# Your goal:
Every line from the one containing "#235=VERTEX_POINT('',#234);" to the one containing "#259=ORIENTED_EDGE('',*,*,#258,.T.);" in the records below, both included, must be set down exactly, and no other line.

(Collection entries)
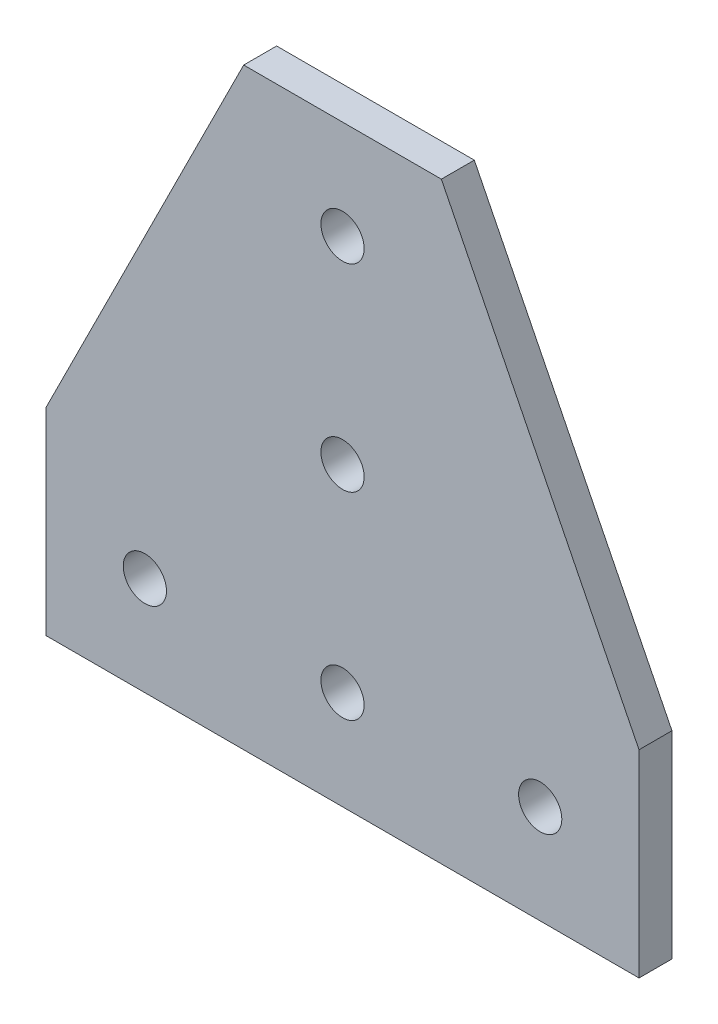
ISO-10303-21;
HEADER;
FILE_DESCRIPTION(('STEP AP214'),'2;1');
FILE_NAME('part.step','',(''),(''),'','','');
FILE_SCHEMA(('AUTOMOTIVE_DESIGN { 1 0 10303 214 1 1 1 1 }'));
ENDSEC;
DATA;
#1=APPLICATION_CONTEXT('core data for automotive mechanical design processes');
#2=APPLICATION_PROTOCOL_DEFINITION('international standard','automotive_design',2000,#1);
#3=PRODUCT_CONTEXT('',#1,'mechanical');
#4=PRODUCT('Part','Part','',(#3));
#5=PRODUCT_RELATED_PRODUCT_CATEGORY('part','',(#4));
#6=PRODUCT_DEFINITION_FORMATION('','',#4);
#7=PRODUCT_DEFINITION_CONTEXT('part definition',#1,'design');
#8=PRODUCT_DEFINITION('design','',#6,#7);
#9=PRODUCT_DEFINITION_SHAPE('','',#8);
#10=(LENGTH_UNIT() NAMED_UNIT(*) SI_UNIT(.MILLI.,.METRE.));
#11=(NAMED_UNIT(*) PLANE_ANGLE_UNIT() SI_UNIT($,.RADIAN.));
#12=(NAMED_UNIT(*) SI_UNIT($,.STERADIAN.) SOLID_ANGLE_UNIT());
#13=UNCERTAINTY_MEASURE_WITH_UNIT(LENGTH_MEASURE(1.E-05),#10,'distance_accuracy_value','');
#14=(GEOMETRIC_REPRESENTATION_CONTEXT(3) GLOBAL_UNCERTAINTY_ASSIGNED_CONTEXT((#13)) GLOBAL_UNIT_ASSIGNED_CONTEXT((#10,
#11,#12)) REPRESENTATION_CONTEXT('',''));
#15=CARTESIAN_POINT('',(0.,0.,0.));
#16=DIRECTION('',(0.,0.,1.));
#17=DIRECTION('',(1.,0.,0.));
#18=AXIS2_PLACEMENT_3D('',#15,#16,#17);
#19=CARTESIAN_POINT('',(0.,0.,3.175));
#20=DIRECTION('',(0.,0.,-1.));
#21=DIRECTION('',(-1.,0.,0.));
#22=AXIS2_PLACEMENT_3D('',#19,#20,#21);
#23=PLANE('',#22);
#24=CARTESIAN_POINT('',(57.15,95.25,3.175));
#25=DIRECTION('',(0.,0.,1.));
#26=DIRECTION('',(1.,0.,0.));
#27=AXIS2_PLACEMENT_3D('',#24,#25,#26);
#28=CIRCLE('',#27,4.1656);
#29=CARTESIAN_POINT('',(61.3156,95.25,3.175));
#30=VERTEX_POINT('',#29);
#31=EDGE_CURVE('E193',#30,#30,#28,.T.);
#32=ORIENTED_EDGE('',*,*,#31,.F.);
#33=EDGE_LOOP('',(#32));
#34=FACE_BOUND('',#33,.T.);
#35=CARTESIAN_POINT('',(57.15,19.05,3.175));
#36=DIRECTION('',(0.,0.,1.));
#37=DIRECTION('',(1.,0.,0.));
#38=AXIS2_PLACEMENT_3D('',#35,#36,#37);
#39=CIRCLE('',#38,4.1656);
#40=CARTESIAN_POINT('',(61.3156,19.05,3.175));
#41=VERTEX_POINT('',#40);
#42=EDGE_CURVE('E205',#41,#41,#39,.T.);
#43=ORIENTED_EDGE('',*,*,#42,.F.);
#44=EDGE_LOOP('',(#43));
#45=FACE_BOUND('',#44,.T.);
#46=DIRECTION('',(1.,0.,0.));
#47=VECTOR('',#46,1.);
#48=CARTESIAN_POINT('',(114.3,0.,3.175));
#49=LINE('',#48,#47);
#50=CARTESIAN_POINT('',(0.,0.,3.175));
#51=VERTEX_POINT('',#50);
#52=CARTESIAN_POINT('',(114.3,0.,3.175));
#53=VERTEX_POINT('',#52);
#54=EDGE_CURVE('E128',#51,#53,#49,.T.);
#55=ORIENTED_EDGE('',*,*,#54,.T.);
#56=DIRECTION('',(0.,1.,0.));
#57=VECTOR('',#56,1.);
#58=CARTESIAN_POINT('',(114.3,38.1,3.175));
#59=LINE('',#58,#57);
#60=CARTESIAN_POINT('',(114.3,38.1,3.175));
#61=VERTEX_POINT('',#60);
#62=EDGE_CURVE('E86',#53,#61,#59,.T.);
#63=ORIENTED_EDGE('',*,*,#62,.T.);
#64=DIRECTION('',(-0.447213595499958,0.894427190999916,0.));
#65=VECTOR('',#64,1.);
#66=CARTESIAN_POINT('',(114.3,38.1,3.175));
#67=LINE('',#66,#65);
#68=CARTESIAN_POINT('',(76.2,114.3,3.175));
#69=VERTEX_POINT('',#68);
#70=EDGE_CURVE('E99',#61,#69,#67,.T.);
#71=ORIENTED_EDGE('',*,*,#70,.T.);
#72=DIRECTION('',(-1.,0.,0.));
#73=VECTOR('',#72,1.);
#74=CARTESIAN_POINT('',(38.1,114.3,3.175));
#75=LINE('',#74,#73);
#76=CARTESIAN_POINT('',(38.1,114.3,3.175));
#77=VERTEX_POINT('',#76);
#78=EDGE_CURVE('E93',#69,#77,#75,.T.);
#79=ORIENTED_EDGE('',*,*,#78,.T.);
#80=DIRECTION('',(-0.447213595499958,-0.894427190999916,0.));
#81=VECTOR('',#80,1.);
#82=CARTESIAN_POINT('',(0.,38.1,3.175));
#83=LINE('',#82,#81);
#84=CARTESIAN_POINT('',(0.,38.1,3.175));
#85=VERTEX_POINT('',#84);
#86=EDGE_CURVE('E97',#77,#85,#83,.T.);
#87=ORIENTED_EDGE('',*,*,#86,.T.);
#88=DIRECTION('',(0.,-1.,0.));
#89=VECTOR('',#88,1.);
#90=CARTESIAN_POINT('',(0.,0.,3.175));
#91=LINE('',#90,#89);
#92=EDGE_CURVE('E49',#85,#51,#91,.T.);
#93=ORIENTED_EDGE('',*,*,#92,.T.);
#94=EDGE_LOOP('',(#55,#63,#71,#79,#87,#93));
#95=FACE_BOUND('',#94,.T.);
#96=CARTESIAN_POINT('',(19.05,19.05,3.175));
#97=DIRECTION('',(0.,0.,1.));
#98=DIRECTION('',(1.,0.,0.));
#99=AXIS2_PLACEMENT_3D('',#96,#97,#98);
#100=CIRCLE('',#99,4.1656);
#101=CARTESIAN_POINT('',(23.2156,19.05,3.175));
#102=VERTEX_POINT('',#101);
#103=EDGE_CURVE('E121',#102,#102,#100,.T.);
#104=ORIENTED_EDGE('',*,*,#103,.F.);
#105=EDGE_LOOP('',(#104));
#106=FACE_BOUND('',#105,.T.);
#107=CARTESIAN_POINT('',(95.25,19.05,3.175));
#108=DIRECTION('',(0.,0.,1.));
#109=DIRECTION('',(1.,0.,0.));
#110=AXIS2_PLACEMENT_3D('',#107,#108,#109);
#111=CIRCLE('',#110,4.1656);
#112=CARTESIAN_POINT('',(99.4156,19.05,3.175));
#113=VERTEX_POINT('',#112);
#114=EDGE_CURVE('E199',#113,#113,#111,.T.);
#115=ORIENTED_EDGE('',*,*,#114,.F.);
#116=EDGE_LOOP('',(#115));
#117=FACE_BOUND('',#116,.T.);
#118=CARTESIAN_POINT('',(57.15,57.15,3.175));
#119=DIRECTION('',(0.,0.,1.));
#120=DIRECTION('',(1.,0.,0.));
#121=AXIS2_PLACEMENT_3D('',#118,#119,#120);
#122=CIRCLE('',#121,4.1656);
#123=CARTESIAN_POINT('',(61.3156,57.15,3.175));
#124=VERTEX_POINT('',#123);
#125=EDGE_CURVE('E184',#124,#124,#122,.T.);
#126=ORIENTED_EDGE('',*,*,#125,.F.);
#127=EDGE_LOOP('',(#126));
#128=FACE_BOUND('',#127,.T.);
#129=ADVANCED_FACE('F32',(#34,#45,#95,#106,#117,#128),#23,.F.);
#130=CARTESIAN_POINT('',(0.,0.,-3.175));
#131=DIRECTION('',(0.,0.,-1.));
#132=DIRECTION('',(-1.,0.,0.));
#133=AXIS2_PLACEMENT_3D('',#130,#131,#132);
#134=PLANE('',#133);
#135=CARTESIAN_POINT('',(57.15,95.25,-3.175));
#136=DIRECTION('',(0.,0.,1.));
#137=DIRECTION('',(1.,0.,0.));
#138=AXIS2_PLACEMENT_3D('',#135,#136,#137);
#139=CIRCLE('',#138,4.1656);
#140=CARTESIAN_POINT('',(61.3156,95.25,-3.175));
#141=VERTEX_POINT('',#140);
#142=EDGE_CURVE('E190',#141,#141,#139,.T.);
#143=ORIENTED_EDGE('',*,*,#142,.T.);
#144=EDGE_LOOP('',(#143));
#145=FACE_BOUND('',#144,.T.);
#146=CARTESIAN_POINT('',(57.15,19.05,-3.175));
#147=DIRECTION('',(0.,0.,1.));
#148=DIRECTION('',(1.,0.,0.));
#149=AXIS2_PLACEMENT_3D('',#146,#147,#148);
#150=CIRCLE('',#149,4.1656);
#151=CARTESIAN_POINT('',(61.3156,19.05,-3.175));
#152=VERTEX_POINT('',#151);
#153=EDGE_CURVE('E202',#152,#152,#150,.T.);
#154=ORIENTED_EDGE('',*,*,#153,.T.);
#155=EDGE_LOOP('',(#154));
#156=FACE_BOUND('',#155,.T.);
#157=DIRECTION('',(1.,0.,0.));
#158=VECTOR('',#157,1.);
#159=CARTESIAN_POINT('',(114.3,0.,-3.175));
#160=LINE('',#159,#158);
#161=CARTESIAN_POINT('',(0.,0.,-3.175));
#162=VERTEX_POINT('',#161);
#163=CARTESIAN_POINT('',(114.3,0.,-3.175));
#164=VERTEX_POINT('',#163);
#165=EDGE_CURVE('E117',#162,#164,#160,.T.);
#166=ORIENTED_EDGE('',*,*,#165,.F.);
#167=DIRECTION('',(0.,-1.,0.));
#168=VECTOR('',#167,1.);
#169=CARTESIAN_POINT('',(0.,0.,-3.175));
#170=LINE('',#169,#168);
#171=CARTESIAN_POINT('',(0.,38.1,-3.175));
#172=VERTEX_POINT('',#171);
#173=EDGE_CURVE('E78',#172,#162,#170,.T.);
#174=ORIENTED_EDGE('',*,*,#173,.F.);
#175=DIRECTION('',(-0.447213595499958,-0.894427190999916,0.));
#176=VECTOR('',#175,1.);
#177=CARTESIAN_POINT('',(0.,38.1,-3.175));
#178=LINE('',#177,#176);
#179=CARTESIAN_POINT('',(38.1,114.3,-3.175));
#180=VERTEX_POINT('',#179);
#181=EDGE_CURVE('E72',#180,#172,#178,.T.);
#182=ORIENTED_EDGE('',*,*,#181,.F.);
#183=DIRECTION('',(-1.,0.,0.));
#184=VECTOR('',#183,1.);
#185=CARTESIAN_POINT('',(38.1,114.3,-3.175));
#186=LINE('',#185,#184);
#187=CARTESIAN_POINT('',(76.2,114.3,-3.175));
#188=VERTEX_POINT('',#187);
#189=EDGE_CURVE('E107',#188,#180,#186,.T.);
#190=ORIENTED_EDGE('',*,*,#189,.F.);
#191=DIRECTION('',(-0.447213595499958,0.894427190999916,0.));
#192=VECTOR('',#191,1.);
#193=CARTESIAN_POINT('',(114.3,38.1,-3.175));
#194=LINE('',#193,#192);
#195=CARTESIAN_POINT('',(114.3,38.1,-3.175));
#196=VERTEX_POINT('',#195);
#197=EDGE_CURVE('E123',#196,#188,#194,.T.);
#198=ORIENTED_EDGE('',*,*,#197,.F.);
#199=DIRECTION('',(0.,1.,0.));
#200=VECTOR('',#199,1.);
#201=CARTESIAN_POINT('',(114.3,38.1,-3.175));
#202=LINE('',#201,#200);
#203=EDGE_CURVE('E120',#164,#196,#202,.T.);
#204=ORIENTED_EDGE('',*,*,#203,.F.);
#205=EDGE_LOOP('',(#166,#174,#182,#190,#198,#204));
#206=FACE_BOUND('',#205,.T.);
#207=CARTESIAN_POINT('',(19.05,19.05,-3.175));
#208=DIRECTION('',(0.,0.,1.));
#209=DIRECTION('',(1.,0.,0.));
#210=AXIS2_PLACEMENT_3D('',#207,#208,#209);
#211=CIRCLE('',#210,4.1656);
#212=CARTESIAN_POINT('',(23.2156,19.05,-3.175));
#213=VERTEX_POINT('',#212);
#214=EDGE_CURVE('E208',#213,#213,#211,.T.);
#215=ORIENTED_EDGE('',*,*,#214,.T.);
#216=EDGE_LOOP('',(#215));
#217=FACE_BOUND('',#216,.T.);
#218=CARTESIAN_POINT('',(95.25,19.05,-3.175));
#219=DIRECTION('',(0.,0.,1.));
#220=DIRECTION('',(1.,0.,0.));
#221=AXIS2_PLACEMENT_3D('',#218,#219,#220);
#222=CIRCLE('',#221,4.1656);
#223=CARTESIAN_POINT('',(99.4156,19.05,-3.175));
#224=VERTEX_POINT('',#223);
#225=EDGE_CURVE('E196',#224,#224,#222,.T.);
#226=ORIENTED_EDGE('',*,*,#225,.T.);
#227=EDGE_LOOP('',(#226));
#228=FACE_BOUND('',#227,.T.);
#229=CARTESIAN_POINT('',(57.15,57.15,-3.175));
#230=DIRECTION('',(0.,0.,1.));
#231=DIRECTION('',(1.,0.,0.));
#232=AXIS2_PLACEMENT_3D('',#229,#230,#231);
#233=CIRCLE('',#232,4.1656);
#234=CARTESIAN_POINT('',(61.3156,57.15,-3.175));
#235=VERTEX_POINT('',#234);
#236=EDGE_CURVE('E187',#235,#235,#233,.T.);
#237=ORIENTED_EDGE('',*,*,#236,.T.);
#238=EDGE_LOOP('',(#237));
#239=FACE_BOUND('',#238,.T.);
#240=ADVANCED_FACE('F137',(#145,#156,#206,#217,#228,#239),#134,.T.);
#241=CARTESIAN_POINT('',(114.3,0.,3.175));
#242=DIRECTION('',(0.,1.,0.));
#243=DIRECTION('',(-1.,0.,0.));
#244=AXIS2_PLACEMENT_3D('',#241,#242,#243);
#245=PLANE('',#244);
#246=ORIENTED_EDGE('',*,*,#165,.T.);
#247=DIRECTION('',(0.,0.,-1.));
#248=VECTOR('',#247,1.);
#249=CARTESIAN_POINT('',(114.3,0.,3.175));
#250=LINE('',#249,#248);
#251=EDGE_CURVE('E11',#53,#164,#250,.T.);
#252=ORIENTED_EDGE('',*,*,#251,.F.);
#253=ORIENTED_EDGE('',*,*,#54,.F.);
#254=DIRECTION('',(0.,0.,-1.));
#255=VECTOR('',#254,1.);
#256=CARTESIAN_POINT('',(0.,0.,3.175));
#257=LINE('',#256,#255);
#258=EDGE_CURVE('E113',#51,#162,#257,.T.);
#259=ORIENTED_EDGE('',*,*,#258,.T.);
#260=EDGE_LOOP('',(#246,#252,#253,#259));
#261=FACE_BOUND('',#260,.T.);
#262=ADVANCED_FACE('F34',(#261),#245,.F.);
#263=CARTESIAN_POINT('',(114.3,38.1,3.175));
#264=DIRECTION('',(-1.,0.,0.));
#265=DIRECTION('',(0.,0.,1.));
#266=AXIS2_PLACEMENT_3D('',#263,#264,#265);
#267=PLANE('',#266);
#268=ORIENTED_EDGE('',*,*,#203,.T.);
#269=DIRECTION('',(0.,0.,-1.));
#270=VECTOR('',#269,1.);
#271=CARTESIAN_POINT('',(114.3,38.1,3.175));
#272=LINE('',#271,#270);
#273=EDGE_CURVE('E41',#61,#196,#272,.T.);
#274=ORIENTED_EDGE('',*,*,#273,.F.);
#275=ORIENTED_EDGE('',*,*,#62,.F.);
#276=ORIENTED_EDGE('',*,*,#251,.T.);
#277=EDGE_LOOP('',(#268,#274,#275,#276));
#278=FACE_BOUND('',#277,.T.);
#279=ADVANCED_FACE('F274',(#278),#267,.F.);
#280=CARTESIAN_POINT('',(114.3,38.1,3.175));
#281=DIRECTION('',(-0.894427190999916,-0.447213595499958,0.));
#282=DIRECTION('',(0.447213595499958,-0.894427190999916,0.));
#283=AXIS2_PLACEMENT_3D('',#280,#281,#282);
#284=PLANE('',#283);
#285=ORIENTED_EDGE('',*,*,#197,.T.);
#286=DIRECTION('',(0.,0.,-1.));
#287=VECTOR('',#286,1.);
#288=CARTESIAN_POINT('',(76.2,114.3,3.175));
#289=LINE('',#288,#287);
#290=EDGE_CURVE('E108',#69,#188,#289,.T.);
#291=ORIENTED_EDGE('',*,*,#290,.F.);
#292=ORIENTED_EDGE('',*,*,#70,.F.);
#293=ORIENTED_EDGE('',*,*,#273,.T.);
#294=EDGE_LOOP('',(#285,#291,#292,#293));
#295=FACE_BOUND('',#294,.T.);
#296=ADVANCED_FACE('F134',(#295),#284,.F.);
#297=CARTESIAN_POINT('',(38.1,114.3,3.175));
#298=DIRECTION('',(0.,-1.,0.));
#299=DIRECTION('',(0.,0.,-1.));
#300=AXIS2_PLACEMENT_3D('',#297,#298,#299);
#301=PLANE('',#300);
#302=ORIENTED_EDGE('',*,*,#189,.T.);
#303=DIRECTION('',(0.,0.,-1.));
#304=VECTOR('',#303,1.);
#305=CARTESIAN_POINT('',(38.1,114.3,3.175));
#306=LINE('',#305,#304);
#307=EDGE_CURVE('E104',#77,#180,#306,.T.);
#308=ORIENTED_EDGE('',*,*,#307,.F.);
#309=ORIENTED_EDGE('',*,*,#78,.F.);
#310=ORIENTED_EDGE('',*,*,#290,.T.);
#311=EDGE_LOOP('',(#302,#308,#309,#310));
#312=FACE_BOUND('',#311,.T.);
#313=ADVANCED_FACE('F105',(#312),#301,.F.);
#314=CARTESIAN_POINT('',(0.,38.1,3.175));
#315=DIRECTION('',(0.894427190999916,-0.447213595499958,0.));
#316=DIRECTION('',(0.447213595499958,0.894427190999916,0.));
#317=AXIS2_PLACEMENT_3D('',#314,#315,#316);
#318=PLANE('',#317);
#319=ORIENTED_EDGE('',*,*,#181,.T.);
#320=DIRECTION('',(0.,0.,-1.));
#321=VECTOR('',#320,1.);
#322=CARTESIAN_POINT('',(0.,38.1,3.175));
#323=LINE('',#322,#321);
#324=EDGE_CURVE('E109',#85,#172,#323,.T.);
#325=ORIENTED_EDGE('',*,*,#324,.F.);
#326=ORIENTED_EDGE('',*,*,#86,.F.);
#327=ORIENTED_EDGE('',*,*,#307,.T.);
#328=EDGE_LOOP('',(#319,#325,#326,#327));
#329=FACE_BOUND('',#328,.T.);
#330=ADVANCED_FACE('F111',(#329),#318,.F.);
#331=CARTESIAN_POINT('',(0.,0.,3.175));
#332=DIRECTION('',(1.,0.,0.));
#333=DIRECTION('',(0.,0.,-1.));
#334=AXIS2_PLACEMENT_3D('',#331,#332,#333);
#335=PLANE('',#334);
#336=ORIENTED_EDGE('',*,*,#173,.T.);
#337=ORIENTED_EDGE('',*,*,#258,.F.);
#338=ORIENTED_EDGE('',*,*,#92,.F.);
#339=ORIENTED_EDGE('',*,*,#324,.T.);
#340=EDGE_LOOP('',(#336,#337,#338,#339));
#341=FACE_BOUND('',#340,.T.);
#342=ADVANCED_FACE('F142',(#341),#335,.F.);
#343=CARTESIAN_POINT('',(19.05,19.05,3.175));
#344=DIRECTION('',(0.,0.,-1.));
#345=DIRECTION('',(-1.,0.,0.));
#346=AXIS2_PLACEMENT_3D('',#343,#344,#345);
#347=CYLINDRICAL_SURFACE('',#346,4.1656);
#348=ORIENTED_EDGE('',*,*,#103,.T.);
#349=EDGE_LOOP('',(#348));
#350=FACE_BOUND('',#349,.T.);
#351=ORIENTED_EDGE('',*,*,#214,.F.);
#352=EDGE_LOOP('',(#351));
#353=FACE_BOUND('',#352,.T.);
#354=ADVANCED_FACE('F144',(#350,#353),#347,.F.);
#355=CARTESIAN_POINT('',(57.15,19.05,3.175));
#356=DIRECTION('',(0.,0.,-1.));
#357=DIRECTION('',(-1.,0.,0.));
#358=AXIS2_PLACEMENT_3D('',#355,#356,#357);
#359=CYLINDRICAL_SURFACE('',#358,4.1656);
#360=ORIENTED_EDGE('',*,*,#42,.T.);
#361=EDGE_LOOP('',(#360));
#362=FACE_BOUND('',#361,.T.);
#363=ORIENTED_EDGE('',*,*,#153,.F.);
#364=EDGE_LOOP('',(#363));
#365=FACE_BOUND('',#364,.T.);
#366=ADVANCED_FACE('F150',(#362,#365),#359,.F.);
#367=CARTESIAN_POINT('',(95.25,19.05,3.175));
#368=DIRECTION('',(0.,0.,-1.));
#369=DIRECTION('',(-1.,0.,0.));
#370=AXIS2_PLACEMENT_3D('',#367,#368,#369);
#371=CYLINDRICAL_SURFACE('',#370,4.1656);
#372=ORIENTED_EDGE('',*,*,#114,.T.);
#373=EDGE_LOOP('',(#372));
#374=FACE_BOUND('',#373,.T.);
#375=ORIENTED_EDGE('',*,*,#225,.F.);
#376=EDGE_LOOP('',(#375));
#377=FACE_BOUND('',#376,.T.);
#378=ADVANCED_FACE('F167',(#374,#377),#371,.F.);
#379=CARTESIAN_POINT('',(57.15,95.25,3.175));
#380=DIRECTION('',(0.,0.,-1.));
#381=DIRECTION('',(-1.,0.,0.));
#382=AXIS2_PLACEMENT_3D('',#379,#380,#381);
#383=CYLINDRICAL_SURFACE('',#382,4.1656);
#384=ORIENTED_EDGE('',*,*,#31,.T.);
#385=EDGE_LOOP('',(#384));
#386=FACE_BOUND('',#385,.T.);
#387=ORIENTED_EDGE('',*,*,#142,.F.);
#388=EDGE_LOOP('',(#387));
#389=FACE_BOUND('',#388,.T.);
#390=ADVANCED_FACE('F171',(#386,#389),#383,.F.);
#391=CARTESIAN_POINT('',(57.15,57.15,3.175));
#392=DIRECTION('',(0.,0.,-1.));
#393=DIRECTION('',(-1.,0.,0.));
#394=AXIS2_PLACEMENT_3D('',#391,#392,#393);
#395=CYLINDRICAL_SURFACE('',#394,4.1656);
#396=ORIENTED_EDGE('',*,*,#125,.T.);
#397=EDGE_LOOP('',(#396));
#398=FACE_BOUND('',#397,.T.);
#399=ORIENTED_EDGE('',*,*,#236,.F.);
#400=EDGE_LOOP('',(#399));
#401=FACE_BOUND('',#400,.T.);
#402=ADVANCED_FACE('F175',(#398,#401),#395,.F.);
#403=CLOSED_SHELL('',(#129,#240,#262,#279,#296,#313,#330,#342,#354,#366,#378,#390,#402));
#404=MANIFOLD_SOLID_BREP('B2',#403);
#405=ADVANCED_BREP_SHAPE_REPRESENTATION('',(#18,#404),#14);
#406=SHAPE_DEFINITION_REPRESENTATION(#9,#405);
ENDSEC;
END-ISO-10303-21;

# Response:
#235=VERTEX_POINT('',#234);
#236=EDGE_CURVE('E187',#235,#235,#233,.T.);
#237=ORIENTED_EDGE('',*,*,#236,.T.);
#238=EDGE_LOOP('',(#237));
#239=FACE_BOUND('',#238,.T.);
#240=ADVANCED_FACE('F137',(#145,#156,#206,#217,#228,#239),#134,.T.);
#241=CARTESIAN_POINT('',(114.3,0.,3.175));
#242=DIRECTION('',(0.,1.,0.));
#243=DIRECTION('',(-1.,0.,0.));
#244=AXIS2_PLACEMENT_3D('',#241,#242,#243);
#245=PLANE('',#244);
#246=ORIENTED_EDGE('',*,*,#165,.T.);
#247=DIRECTION('',(0.,0.,-1.));
#248=VECTOR('',#247,1.);
#249=CARTESIAN_POINT('',(114.3,0.,3.175));
#250=LINE('',#249,#248);
#251=EDGE_CURVE('E11',#53,#164,#250,.T.);
#252=ORIENTED_EDGE('',*,*,#251,.F.);
#253=ORIENTED_EDGE('',*,*,#54,.F.);
#254=DIRECTION('',(0.,0.,-1.));
#255=VECTOR('',#254,1.);
#256=CARTESIAN_POINT('',(0.,0.,3.175));
#257=LINE('',#256,#255);
#258=EDGE_CURVE('E113',#51,#162,#257,.T.);
#259=ORIENTED_EDGE('',*,*,#258,.T.);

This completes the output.